Hilangnya atau terhapusnya kebijakan Countervailing Duties (CVD) yang dilakukan AS terhadap Indonesia. CVD adalah salah satu penerapan pungutan tambahan terhadap produk impor suatu negara. Ada sejumlah komoditas RI yang dibebaskan CVD, salah satunya karet. Selama ini di Indonesia hanya lima sektor komoditas yang menikmati CVD. (Sri Mulyani Indrawati, 24/02/2020, kumparan.com)
Jika dampak buruknya begitu besar bagi perekonomian Indonesia dengan berubah statusnya sebagai negara maju, lantas layakkah kita berbangga diri? Untung ataukah bunting bagi negeri ini?
Status Sebuah Negara Bentuk Penjajahan Politik dan Ekonomi
Negara yang ada didunia ini, masing-masing memiliki status kenegaraannya. Apakah sebagai negara maju, berkembang ataukah negara miskin. Status ini sematkan oleh lembaga perdagangan dunia yaitu World Trade Organisation (WHO) yang dikomandoi oleh negara super power Amerika Serikat. Begitulah AS, merasa sebagai negara terkuat yang tidak ada tandingannya atau tidak ada negara satupun yang menyainginya, dengan sekehendak hatinya melabelkan status negara kepada semua negara yang ada didunia. Status yang disematkan tanpa melihat suatu kondisi negara tersebut, apakah layak mendapatkan status negara berkembang ataukah negara maju.
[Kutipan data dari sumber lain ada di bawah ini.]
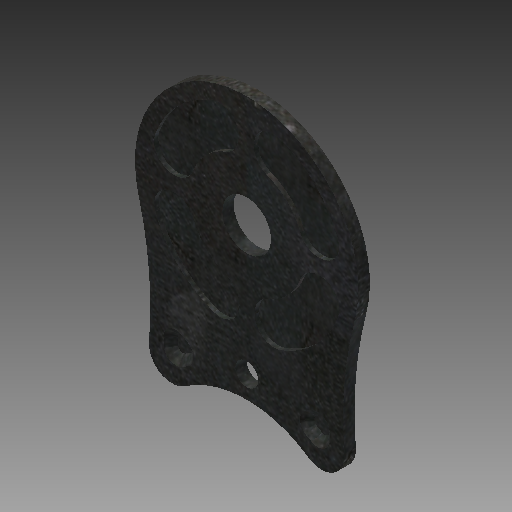
# Autodesk Inventor part: 201-09
Saved by Autodesk Inventor 2019 (Build 230136000, 136)
## iProperties
Company: Autodesk Inc.
Created: 2007-11-01
Part Number: 201-09
Document SubType Name: Modeling
Designer: Autodesk Inc.
Density: 7.85 g/cm^3
Mass: 170.342 g
Surface Area: 144.32 cm^2
Volume: 21.6997 cm^3
Material: Steel
Description: SIDE PIVOT PLATE
Appearance: Plate
Component Category: Lower Component
Author: Inventor
Autodesk Inventor part; units mm, degrees
ref_plane "YZ Plane" through (0, 0, 0) normal (1, 0, 0) x (0, 1, 0)
ref_plane "XZ Plane" through (0, 0, 0) normal (0, 1, 0) x (-1, 0, 0)
ref_plane "XY Plane" through (0, 0, 0) normal (0, 0, 1) x (1, 0, 0)
sketch "Sketch1" plane through (0, 0, 0) normal (0, 0, 1) x (1, 0, 0)
  arc A0 (37.7266, -9.8844) -> (-37.7266, -9.8844) centre (0, 0) ccw
  arc A1 (-34.0962, -52.1712) -> (-21.585, -59.437) centre (-26.125, -52.85) ccw
  arc A2 (21.585, -59.437) -> (34.0962, -52.1712) centre (26.125, -52.85) ccw
  arc A3 (-34.0962, -52.1712) -> (-37.7266, -9.8844) centre (-158.6454, -41.565) ccw
  line L0 (0, 64.9508) -> (0, -116.7047) projected
  arc A4 (21.585, -59.437) -> (-21.585, -59.437) centre (0, -90.7539) ccw
  arc A5 (37.7266, -9.8844) -> (34.0962, -52.1712) centre (158.6454, -41.565) ccw
  dimension "d0" = 16
  dimension "d2" = 78
  dimension "d3" = 52.85
  dimension "d5" = 26.125
  dimension "d8" = 317.2907
  dimension "d9" = 26.125
  dimension "d10" = 38.035
  constraints: 13 point on circle, 6 centre point, 4 tangent, 3 symmetric about line, 1 coincident, 1 point on line, 1 other
  measures "d0" diameter of A1
  measures "d2" diameter of A0
  measures "d3" vertical distance of A1.centre point (0, 0)
  measures "d5" horizontal distance of A1.centre point (0, 0)
  measures "d8" distance of A5.centre A3.centre
  measures "d9" distance from line of L0 A2.centre
  measures "d10" radius of A4
extrude "Extrusion1" add sketch "Sketch1" against normal blind 4
sketch "Sketch2" plane through (0, 0, -4) normal (0, 0, -1) x (-1, 0, 0)
  arc A0 (37.7266, -9.8844) -> (-37.7266, -9.8844) centre (0, 0) ccw projected
  arc A1 (-34.0962, -52.1712) -> (-21.585, -59.437) centre (-26.125, -52.85) ccw projected
  arc A2 (21.585, -59.437) -> (-21.585, -59.437) centre (0, -90.7539) ccw projected
  line L0 (-27.275, -50.4758) -> (-27.275, -48.2242)
  line L1 (-21.575, -51.5151) -> (-23.525, -52.6409)
  line L2 (-23.525, -46.0591) -> (-21.575, -47.1849)
  arc A3 (-23.525, -46.0591) -> (-27.275, -48.2242) centre (-24.775, -48.2242) ccw
  arc A4 (-27.275, -50.4758) -> (-23.525, -52.6409) centre (-24.775, -50.4758) ccw
  arc A5 (-21.575, -51.5151) -> (-21.575, -47.1849) centre (-22.825, -49.35) ccw
  line L3 (0, -116.7047) -> (0, 64.9508) projected
  point P0 (-27.275, 27.8761)
  point P1 (-32.4256, -57.7797)
  point P2 (-9.7764, -53.9968)
  dimension "d13" = 60
  dimension "d14" = 60
  dimension "d15" = 2.5
  dimension "d16" = 22.825
  dimension "d17" = 49.35
  dimension "d18" = 60
  dimension "d19" = 1.95
  constraints: 9 point on circle, 6 end point, 6 tangent, 3 centre point, 3 point on line, 2 equal radius
  measures "d13" angle of L1 L0
  measures "d14" angle of L1 L2
  measures "d15" radius of A3
  measures "d16" horizontal distance of A0.centre A5.centre
  measures "d17" vertical distance of A0.centre A5.centre
  measures "d18" angle of L3 L1
  measures "d19" horizontal distance of A3.centre A5.centre
extrude "Extrusion2" add sketch "Sketch2" along normal blind 2.5
chamfer "Chamfer1" distance 2.5 angle 45 6 edges at (22.55, -52.078, -4) (26.025, -52.6409, -4) (27.275, -49.35, -4) (26.025, -46.0591, -4) (22.55, -46.622, -4) (20.325, -49.35, -4)
mirror "Mirror1" about plane through (0, 0, 0) normal (1, 0, 0) of "Extrusion2", "Chamfer1"
sketch "Sketch3" plane through (0, 0, 0) normal (0, 0, 1) x (1, 0, 0)
  line L0 (-23.525, -46.0591) -> (-21.575, -47.1849) projected
  arc A0 (-21.575, -51.5151) -> (-21.575, -47.1849) centre (-22.825, -49.35) ccw projected
  line L1 (-21.575, -51.5151) -> (-23.525, -52.6409) projected
  arc A1 (-27.275, -50.4758) -> (-23.525, -52.6409) centre (-24.775, -50.4758) ccw projected
  line L2 (-27.275, -50.4758) -> (-27.275, -48.2242) projected
  arc A2 (-23.525, -46.0591) -> (-27.275, -48.2242) centre (-24.775, -48.2242) ccw projected
  line L3 (-22.65, -54.1564) -> (-20.7, -53.0306)
  arc A3 (-20.7, -53.0306) -> (-20.7, -45.6694) centre (-22.825, -49.35) ccw
  line L4 (-20.7, -45.6694) -> (-22.65, -44.5436)
  arc A4 (-22.65, -44.5436) -> (-29.025, -48.2242) centre (-24.775, -48.2242) ccw
  line L5 (-29.025, -48.2242) -> (-29.025, -50.4758)
  arc A5 (-29.025, -50.4758) -> (-22.65, -54.1564) centre (-24.775, -50.4758) ccw
  dimension "d30" = 1.75
  constraints: 6 end point, 6 point on circle, 3 centre point, 5 other
  measures "d30" distance between parallel lines of L3 L1
extrude "Extrusion3" cut sketch "Sketch3" against normal blind 2.5 contours L0 A0 L1 A1 L2 A2 | A5 L5 A4 L4 A3 L3
chamfer "Chamfer2" distance 2.5 angle 45 6 edges at (-26.9, -54.1564, -2.5) (-21.675, -53.5935, -2.5) (-18.575, -49.35, -2.5) (-21.675, -45.1065, -2.5) (-26.9, -44.5436, -2.5) (-29.025, -49.35, -2.5)
mirror "Mirror2" about plane through (0, 0, 0) normal (1, 0, 0) of "Extrusion3", "Chamfer2"
sketch "Sketch4" plane through (0, 0, 0) normal (0, 0, 1) x (1, 0, 0)
  circle A0 centre (0, 0) radius 8.5
  line L0 (0, 0) -> (0, -45)
  circle A1 centre (0, -45) radius 4
  dimension "d31" = 17
  dimension "d32" = 45
  dimension "d33" = 8
  constraints: 2 centre point, 2 coincident, 2 end point, 1 vertical
  measures "d31" diameter of A0
  measures "d32" distance of L0.start L0.end
  measures "d33" diameter of A1
extrude "Extrusion4" cut sketch "Sketch4" against normal through all
sketch "Sketch5" plane through (0, 0, 0) normal (0, 0, 1) x (1, 0, 0)
  circle A0 centre (0, 0) radius 8.5 projected
  line L0 (-29.025, -50.4758) -> (-29.025, -48.2242) projected
  arc A1 (37.7266, -9.8844) -> (-37.7266, -9.8844) centre (0, 0) ccw projected
  arc A2 (-2.8, 33.8845) -> (-33.908, 2.5) centre (0, 0) ccw
  arc A3 (-2.8, 19.803) -> (-19.8431, 2.5) centre (0, 0) ccw
  line L1 (-2.8, 33.8845) -> (-2.8, 19.803)
  line L2 (-19.8431, 2.5) -> (-33.908, 2.5)
  dimension "d36" = 68
  dimension "d37" = 40
  dimension "d38" = 2.5
  dimension "d39" = 2.8
  constraints: 4 end point, 4 point on circle, 2 centre point, 2 coincident, 1 parallel, 1 perpendicular
  measures "d36" diameter of A2
  measures "d37" diameter of A3
  measures "d38" distance from line of L2 A0.centre
  measures "d39" distance from line of A0.centre L1
extrude "Extrusion5" cut sketch "Sketch5" against normal blind 1.5 contours L1 A3 L2 A2
fillet "Fillet1" radius 6.75 4 edges at (-2.8, 33.8845, -0.75) (-2.8, 19.803, -0.75) (-19.8431, 2.5, -0.75) (-33.908, 2.5, -0.75)
pattern_circular "Circular Pattern1" count 4 over 360 about axis through (0, 0, 0) along (0, 0, -1) of "Extrusion5", "Fillet1"
body "Solid1"

Penyematan status oleh AS kepada masing-masing negara tentu bukanlah tanpa tujuan. Tidaklah mungkin, AS yang merupakan negara super power dan beridiologikan kapitalis, melakukan sesuatu tanpa ada tujuan. Sebagai negara bersistem kapitalis penyematan status negara merupakan strategi imperiliasme gaya baru atau penjajahan gaya baru, terlebih dari sisi politik dan ekonomi. Sebagaimana yang dinyatakan secara tersirat dalam South China Morning Post (SCMP) Minggu (23/2) menyebutkan keputusan tersebut memang bertujuan agar negara-negara tersebut (yang dirubah statusnya menjadi negara maju) tidak memperoleh perlakuan khusus dalam perdagangan internasional. Maka dengan demikian, AS telah menjadikan labelling sebagai alat keuntungan politik dan ekonominya, bukan untuk kebaikan seluruh dunia serta mengarahkan opini dunia untuk mendukung AS.
Jika Indonesia dan negara-negara muslim lainnya ingin menjadi negara maju yang sebenarnya/hakiki, jalan satu-satunya dengan menerapkan idiologi Islam. Idiologi Islam adalah idiologi sempurna, mulai dari teori hingga aplikasi yang dituntunkan oleh sang Maha Pencipta sekaligus Pengatur Kehidupan, Allah Subhanahu wata’ala.